+++ Material to process

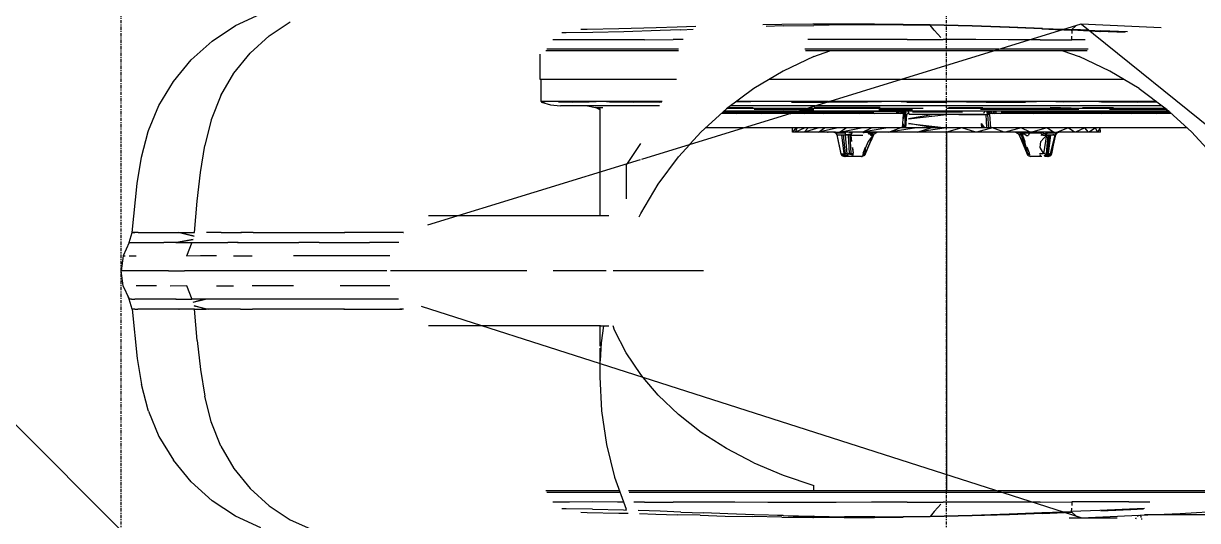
# Model space of a CAD drawing. Header units: millimetres. Extents: x -57554 to 16546, y 2142 to 98430.
# Drawn here: x -46508 to -45441, y 64485 to 64937 of the extents above; entities that cross this region are included whole.
import ezdxf

# ---------------------------------------------------------------- set-up
doc = ezdxf.new("R2010")
doc.units = ezdxf.units.MM
doc.linetypes.add('DXK_LINE_DOT3', pattern=[5.9187, 2.979, -0.9799, 0.9799, -0.9799])
doc.layers.add('S-Z2-A_TEXTUAL_ANNOTATION', color=7, linetype='Continuous')

msp = doc.modelspace()

# ---------------------------------------------------------------- linework, layer by layer
at = {"color": 1, "linetype": 'DXK_LINE_DOT3'}
for p, q in [((-46419.5, 61587.1), (-46419.5, 74087.1)), ((-45669.5, 61587.1), (-45669.5, 74087.1))]:
    msp.add_line(p, q, dxfattribs=at)
at = {"color": 2, "linetype": 'Continuous'}
for p, q in [((-46315.6, 64935), (-46292.4, 64945.7)), ((-46336.8, 64921), (-46315.6, 64935)), ((-46285, 64925.7), (-46265.7, 64938.5)), ((-46014.9, 64928.5), (-46019.1, 64928.5)), ((-45990.9, 64928.7), (-46014.9, 64928.5)), ((-45996, 64931.6), (-46001.8, 64931.5)), ((-45967.2, 64932.2), (-45996, 64931.6)), ((-45962.7, 64929.4), (-45990.9, 64928.7)), ((-45933.4, 64933.1), (-45967.2, 64932.2)), ((-45929.6, 64930.5), (-45962.7, 64929.4)), ((-45946.2, 64813.7), (-45547.2, 64936.5)), ((-45914.1, 64933.7), (-45933.4, 64933.1)), ((-45910.8, 64931.3), (-45929.6, 64930.5)), ((-45897.3, 64934.2), (-45914.1, 64933.7)), ((-45910.8, 64931.3), (-45899.6, 64931.7)), ((-45819.1, 64936), (-45836.3, 64935.7)), ((-45817.8, 64934.7), (-45833.3, 64934.2)), ((-45790.9, 64936.3), (-45819.1, 64936)), ((-45817.8, 64934.7), (-45790.1, 64935.2)), ((-45762.6, 64936.3), (-45790.9, 64936.3)), ((-45762.1, 64935.6), (-45790.1, 64935.2)), ((-45735, 64936.2), (-45762.6, 64936.3)), ((-45734.7, 64935.7), (-45762.1, 64935.6)), ((-45708.8, 64936), (-45735, 64936.2)), ((-45708.7, 64935.6), (-45734.7, 64935.7)), ((-45684.2, 64935.6), (-45708.8, 64936)), ((-45708.7, 64935.6), (-45684.2, 64935.3)), ((-45646.1, 64934.7), (-45684.2, 64935.6)), ((-45646.1, 64934.5), (-45684.2, 64935.3)), ((-45680.6, 64930.8), (-45684.2, 64935.3)), ((-45680.6, 64930.8), (-45680.6, 64930.8)), ((-45680.6, 64930.8), (-45677.4, 64927.1)), ((-45612.2, 64933.7), (-45646.1, 64934.7)), ((-45612.5, 64933.4), (-45646.1, 64934.5)), ((-45582.7, 64932.1), (-45612.5, 64933.4)), ((-45582.3, 64932.5), (-45612.2, 64933.7)), ((-45612.2, 64933.7), (-45587, 64932.7)), ((-45582.7, 64932.1), (-45564.1, 64931.3)), ((-45582.3, 64932.5), (-45562.7, 64931.8)), ((-45563.2, 64931.3), (-45556.1, 64931)), ((-45561.9, 64931.7), (-45555.5, 64931.5)), ((-45555.9, 64931.1), (-45556.1, 64931)), ((-45556.1, 64931), (-45555.9, 64931)), ((-45555.7, 64931.3), (-45555.9, 64931.1)), ((-45539.3, 64930.2), (-45555.9, 64931)), ((-45555.5, 64931.5), (-45555.7, 64931.3)), ((-45555.5, 64931.1), (-45555.7, 64931)), ((-45555.7, 64931), (-45555.7, 64927.9)), ((-45555.5, 64931.5), (-45551.9, 64934.8)), ((-45555.1, 64931.4), (-45555.5, 64931.5)), ((-45555.5, 64931.1), (-45555.3, 64931.3)), ((-45539.4, 64930.3), (-45555.5, 64931.1)), ((-45555.5, 64931.1), (-45539.4, 64930.3)), ((-45555.3, 64931.3), (-45555.1, 64931.4)), ((-45540.1, 64930.8), (-45555.1, 64931.4)), ((-45547.2, 64936.5), (-45547, 64936.4)), ((-45547.2, 64936.5), (-45501, 64934.6)), ((-45546.9, 64936.3), (-45391.7, 64811.2)), ((-45539.7, 64930.8), (-45529.1, 64930.4)), ((-45530, 64929.8), (-45539, 64930.3)), ((-45539, 64930.3), (-45529.9, 64929.8)), ((-45539, 64930.2), (-45530, 64929.8)), ((-45507.2, 64928.8), (-45530, 64929.8)), ((-45504.9, 64929.4), (-45529.1, 64930.4)), ((-45501, 64934.6), (-45474.3, 64933.3)), ((-46355.8, 64903.9), (-46336.8, 64921)), ((-46302.3, 64910), (-46285, 64925.7)), ((-46012.1, 64922.2), (-46027.1, 64922.2)), ((-45991.1, 64922.2), (-46012.1, 64922.2)), ((-45968.3, 64922.2), (-45991.1, 64922.2)), ((-45943.9, 64922.2), (-45968.3, 64922.2)), ((-45943.9, 64922.2), (-45917.8, 64922.3)), ((-45908.6, 64922.3), (-45917.8, 64922.3)), ((-45769.6, 64922.5), (-45795.5, 64922.5)), ((-45737.6, 64922.4), (-45769.6, 64922.5)), ((-45705.1, 64922.4), (-45737.6, 64922.4)), ((-45705.1, 64922.4), (-45672.4, 64922.3)), ((-45674.7, 64924.3), (-45677.4, 64927.1)), ((-45642.9, 64922.3), (-45672.4, 64922.3)), ((-45613.5, 64922.2), (-45642.9, 64922.3)), ((-45593.8, 64922.2), (-45613.5, 64922.2)), ((-45584.4, 64922.2), (-45592.8, 64922.2)), ((-45584.4, 64922.2), (-45555.7, 64922.1)), ((-45555.7, 64923.5), (-45555.7, 64925.4)), ((-45555.7, 64922.1), (-45555.7, 64923.5)), ((-45543.5, 64922.1), (-45555.7, 64922.1)), ((-46317, 64891.7), (-46302.3, 64910)), ((-46038.8, 64886.1), (-46038.8, 64909.1)), ((-45913, 64912.1), (-46033.5, 64912.1)), ((-45913, 64913.5), (-46032.6, 64913.5)), ((-45622, 64913.5), (-45798.3, 64913.5)), ((-45626.7, 64912.1), (-45797.6, 64912.1)), ((-45790.1, 64906.8), (-45775.4, 64912.1)), ((-45541.5, 64912.1), (-45625.8, 64912.1)), ((-45540.7, 64913.5), (-45621.1, 64913.5)), ((-45563.6, 64912.1), (-45549, 64906.8)), ((-46372, 64884.3), (-46355.8, 64903.9)), ((-45790.1, 64906.8), (-45818, 64893.6)), ((-45521, 64893.6), (-45549, 64906.8)), ((-46328.9, 64871.4), (-46317, 64891.7)), ((-45914.9, 64886.1), (-46038.8, 64886.1)), ((-46037.8, 64865.9), (-46037.8, 64886.1)), ((-45818, 64893.6), (-45844.5, 64877.7)), ((-45711.2, 64886.1), (-45830.6, 64886.1)), ((-45508.4, 64886.1), (-45710.4, 64886.1)), ((-45494.5, 64877.7), (-45521, 64893.6)), ((-46385.1, 64862.5), (-46372, 64884.3)), ((-45844.5, 64877.7), (-45869.4, 64859.3)), ((-45494.5, 64877.7), (-45469.7, 64859.3)), ((-46328.9, 64871.4), (-46337.6, 64849.4)), ((-45927.9, 64865.9), (-46037.8, 64865.9)), ((-46035.9, 64865.5), (-46037.8, 64865.9)), ((-46037.8, 64865.9), (-46037.6, 64865.5)), ((-46037.6, 64865.5), (-46029.2, 64862.9)), ((-46032, 64865.9), (-46035.9, 64865.5)), ((-46021.8, 64865.5), (-46009.8, 64865.9)), ((-46021.8, 64865.5), (-46020.5, 64865.9)), ((-45994.2, 64865.5), (-46021.8, 64865.5)), ((-45994.3, 64865.9), (-46009.6, 64865.5)), ((-46009.6, 64865.5), (-46003.4, 64865.9)), ((-45981.1, 64865.9), (-45994.2, 64865.5)), ((-45975.6, 64865.5), (-45981.1, 64865.9)), ((-45928.1, 64865.5), (-45975.6, 64865.5)), ((-45954.1, 64865.5), (-45930, 64865.9)), ((-45929.8, 64865.5), (-45928, 64865.6)), ((-45928.1, 64865.5), (-45929.8, 64865.5)), ((-45860.8, 64865.7), (-45847.3, 64865.9)), ((-45776.8, 64865.9), (-45860.5, 64865.9)), ((-45776.8, 64865.9), (-45810.4, 64865.5)), ((-45810.4, 64865.5), (-45805.4, 64865.9)), ((-45810.4, 64865.5), (-45778, 64865.5)), ((-45741.3, 64865.5), (-45777.3, 64865.5)), ((-45741.4, 64865.9), (-45776.4, 64865.5)), ((-45776.4, 64865.5), (-45761.3, 64865.9)), ((-45478.5, 64865.9), (-45776.1, 64865.9)), ((-45715.8, 64865.9), (-45741.3, 64865.5)), ((-45705.6, 64865.5), (-45715.8, 64865.9)), ((-45705.6, 64865.9), (-45669.5, 64865.5)), ((-45705.6, 64865.5), (-45669.5, 64865.5)), ((-45669.5, 64865.9), (-45633.4, 64865.5)), ((-45597.7, 64865.9), (-45633.4, 64865.5)), ((-45633.4, 64865.5), (-45623.3, 64865.9)), ((-45633.4, 64865.5), (-45597.7, 64865.5)), ((-45577.8, 64865.9), (-45597.7, 64865.5)), ((-45562.7, 64865.5), (-45577.8, 64865.9)), ((-45533.7, 64865.9), (-45562.7, 64865.5)), ((-45528.6, 64865.5), (-45533.7, 64865.9)), ((-45478, 64865.5), (-45528.6, 64865.5)), ((-45496, 64865.5), (-45478.3, 64865.7)), ((-46394.5, 64839.7), (-46385.1, 64862.5)), ((-46029.2, 64862.9), (-46020.2, 64862.1)), ((-45930.3, 64862.1), (-46020.2, 64862.1)), ((-45995.7, 64862.1), (-45988.3, 64860.5)), ((-45984.1, 64859.6), (-45988.3, 64860.5)), ((-45988.3, 64860.5), (-45986.1, 64859.6)), ((-45986.5, 64860.5), (-45981.8, 64860.5)), ((-45986.1, 64859.6), (-45984.5, 64858.7)), ((-45984.1, 64859.6), (-45986.1, 64859.6)), ((-45984.5, 64859.4), (-45984.5, 64801.9)), ((-45869.4, 64859.3), (-45892.3, 64838.5)), ((-45811.8, 64855.1), (-45874, 64855.1)), ((-45808.2, 64856.2), (-45872.8, 64856.2)), ((-45805.3, 64857.1), (-45871.8, 64857.1)), ((-45797.2, 64859.6), (-45869, 64859.6)), ((-45869, 64859.6), (-45868.6, 64859.6)), ((-45867.7, 64860.5), (-45845, 64860.5)), ((-45850.5, 64855.1), (-45865.7, 64856.2)), ((-45865.7, 64856.2), (-45860.5, 64855.1)), ((-45789.1, 64862.1), (-45865.6, 64862.1)), ((-45851.6, 64856.2), (-45837.5, 64855.1)), ((-45800.4, 64858.6), (-45844.3, 64858.6)), ((-45818.1, 64856.2), (-45809.7, 64855.7)), ((-45818.1, 64856.2), (-45811.5, 64855.2)), ((-45817.8, 64858.6), (-45798.1, 64859.3)), ((-45708.3, 64855.1), (-45811.3, 64855.1)), ((-45811.1, 64855.1), (-45810.8, 64855.1)), ((-45809.2, 64855.7), (-45798.4, 64855.1)), ((-45735.5, 64856.2), (-45807.6, 64856.2)), ((-45669.5, 64857.1), (-45804.7, 64857.1)), ((-45799.8, 64858.6), (-45789.9, 64858.6)), ((-45799.1, 64856.2), (-45780.9, 64855.1)), ((-45797.4, 64859.3), (-45790.4, 64859.6)), ((-45690.7, 64859.6), (-45796.6, 64859.6)), ((-45729.8, 64860.5), (-45789.7, 64860.5)), ((-45473.4, 64862.1), (-45788.5, 64862.1)), ((-45757.6, 64856.2), (-45735.2, 64855.1)), ((-45757.6, 64856.2), (-45748.6, 64855.1)), ((-45735.9, 64857.1), (-45715, 64857)), ((-45730.9, 64858.6), (-45700.3, 64858.6)), ((-45714.9, 64856.8), (-45711.7, 64857.1)), ((-45714.7, 64856.1), (-45714.9, 64856.8)), ((-45714.7, 64856.1), (-45714.8, 64856.2)), ((-45714.7, 64856.1), (-45710.1, 64857.1)), ((-45711.7, 64857.1), (-45714.7, 64856.1)), ((-45711.3, 64855.1), (-45714.7, 64856.1)), ((-45714.7, 64856.1), (-45714.7, 64855.6)), ((-45714.7, 64855.6), (-45714.6, 64855.1)), ((-45712.4, 64855.1), (-45714.7, 64855.6)), ((-45714.7, 64855.6), (-45711.3, 64855.1)), ((-45711.3, 64855.1), (-45710.1, 64857.1)), ((-45708.5, 64857.1), (-45710.3, 64855.1)), ((-45708.4, 64856.1), (-45710.3, 64855.1)), ((-45708.8, 64855.1), (-45708.2, 64856.2)), ((-45708.4, 64856.1), (-45708.8, 64855.1)), ((-45707.2, 64854.3), (-45708.8, 64850.2)), ((-45708.8, 64850.2), (-45706.7, 64854.3)), ((-45708.8, 64850.2), (-45708.5, 64854.3)), ((-45707.4, 64856.8), (-45708.5, 64857.1)), ((-45708.5, 64854.5), (-45708.4, 64854.8)), ((-45707.2, 64854.3), (-45708.5, 64854.5)), ((-45708.5, 64854.5), (-45706.9, 64854.3)), ((-45708.5, 64854.3), (-45708.5, 64854.5)), ((-45707.4, 64856.8), (-45708.4, 64856.1)), ((-45708.4, 64854.8), (-45708.3, 64855.1)), ((-45708.3, 64855.1), (-45706.5, 64856.2)), ((-45707.4, 64856.8), (-45706.5, 64856.2)), ((-45707.2, 64854.3), (-45705.6, 64854.3)), ((-45707.2, 64842.1), (-45706.7, 64854.3)), ((-45706.5, 64856.2), (-45706.9, 64854.3)), ((-45706.3, 64842.1), (-45705.6, 64854.3)), ((-45705.6, 64854.3), (-45703.9, 64855.6)), ((-45704, 64856.7), (-45704.1, 64856.8)), ((-45681, 64854.2), (-45704, 64850.2)), ((-45704, 64850.2), (-45669.5, 64854.2)), ((-45703.9, 64856.2), (-45703.9, 64856.2)), ((-45703.9, 64856.2), (-45703.9, 64856)), ((-45703.9, 64856), (-45703.9, 64856.2)), ((-45703.9, 64855.6), (-45703.9, 64856)), ((-45703.9, 64855.6), (-45703.8, 64855)), ((-45703.8, 64855.3), (-45703.9, 64855.6)), ((-45703.8, 64855), (-45703.8, 64855.3)), ((-45635.2, 64854.2), (-45703.8, 64854.2)), ((-45655, 64856.2), (-45700.2, 64856.2)), ((-45470, 64859.6), (-45669.5, 64859.6)), ((-45467.2, 64857.1), (-45669.5, 64857.1)), ((-45667.6, 64860.5), (-45636.4, 64860.5)), ((-45658.1, 64854.2), (-45637.8, 64854.1)), ((-45549.1, 64858.6), (-45638.6, 64858.6)), ((-45637.8, 64854.1), (-45635.2, 64854.2)), ((-45635.2, 64855.3), (-45635.2, 64855.6)), ((-45635.2, 64854.2), (-45633.5, 64854.3)), ((-45635.1, 64856), (-45635.1, 64856.2)), ((-45635.1, 64856.2), (-45635.1, 64856.2)), ((-45635.1, 64856.2), (-45635.1, 64856)), ((-45634.9, 64857), (-45635, 64856.7)), ((-45634.9, 64857), (-45635, 64856.8)), ((-45635, 64856.8), (-45635, 64856.7)), ((-45633.9, 64857.1), (-45634.9, 64857)), ((-45633.5, 64854.3), (-45631.8, 64854.3)), ((-45632.7, 64842.1), (-45633.5, 64854.3)), ((-45630.8, 64856.2), (-45633.2, 64857.1)), ((-45633.2, 64857.1), (-45631.6, 64856.8)), ((-45630.7, 64856.1), (-45632.6, 64856.2)), ((-45632.1, 64854.3), (-45632.6, 64856.2)), ((-45632.1, 64854.3), (-45630.7, 64856.1)), ((-45632.1, 64854.3), (-45630.7, 64855.1)), ((-45630.6, 64854.5), (-45632.1, 64854.3)), ((-45632.1, 64854.3), (-45631.8, 64854.3)), ((-45631.8, 64854.3), (-45630.6, 64854.5)), ((-45630.9, 64842.1), (-45631.8, 64854.3)), ((-45631.6, 64856.8), (-45629, 64857.1)), ((-45630.7, 64856.1), (-45631.6, 64856.8)), ((-45627.9, 64855.1), (-45630.7, 64856.1)), ((-45630.7, 64856.1), (-45627.8, 64855.1)), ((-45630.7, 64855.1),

++++++

* Description of the task
Begin at the first line of the entries and end at the line containing "-0.9799, 0.9799, -0.9799])": write out each line exactly, skipping pictures.

* Output of the task
# Model space of a CAD drawing. Header units: millimetres. Extents: x -57554 to 16546, y 2142 to 98430.
# Drawn here: x -46508 to -45441, y 64485 to 64937 of the extents above; entities that cross this region are included whole.
import ezdxf

# ---------------------------------------------------------------- set-up
doc = ezdxf.new("R2010")
doc.units = ezdxf.units.MM
doc.linetypes.add('DXK_LINE_DOT3', pattern=[5.9187, 2.979, -0.9799, 0.9799, -0.9799])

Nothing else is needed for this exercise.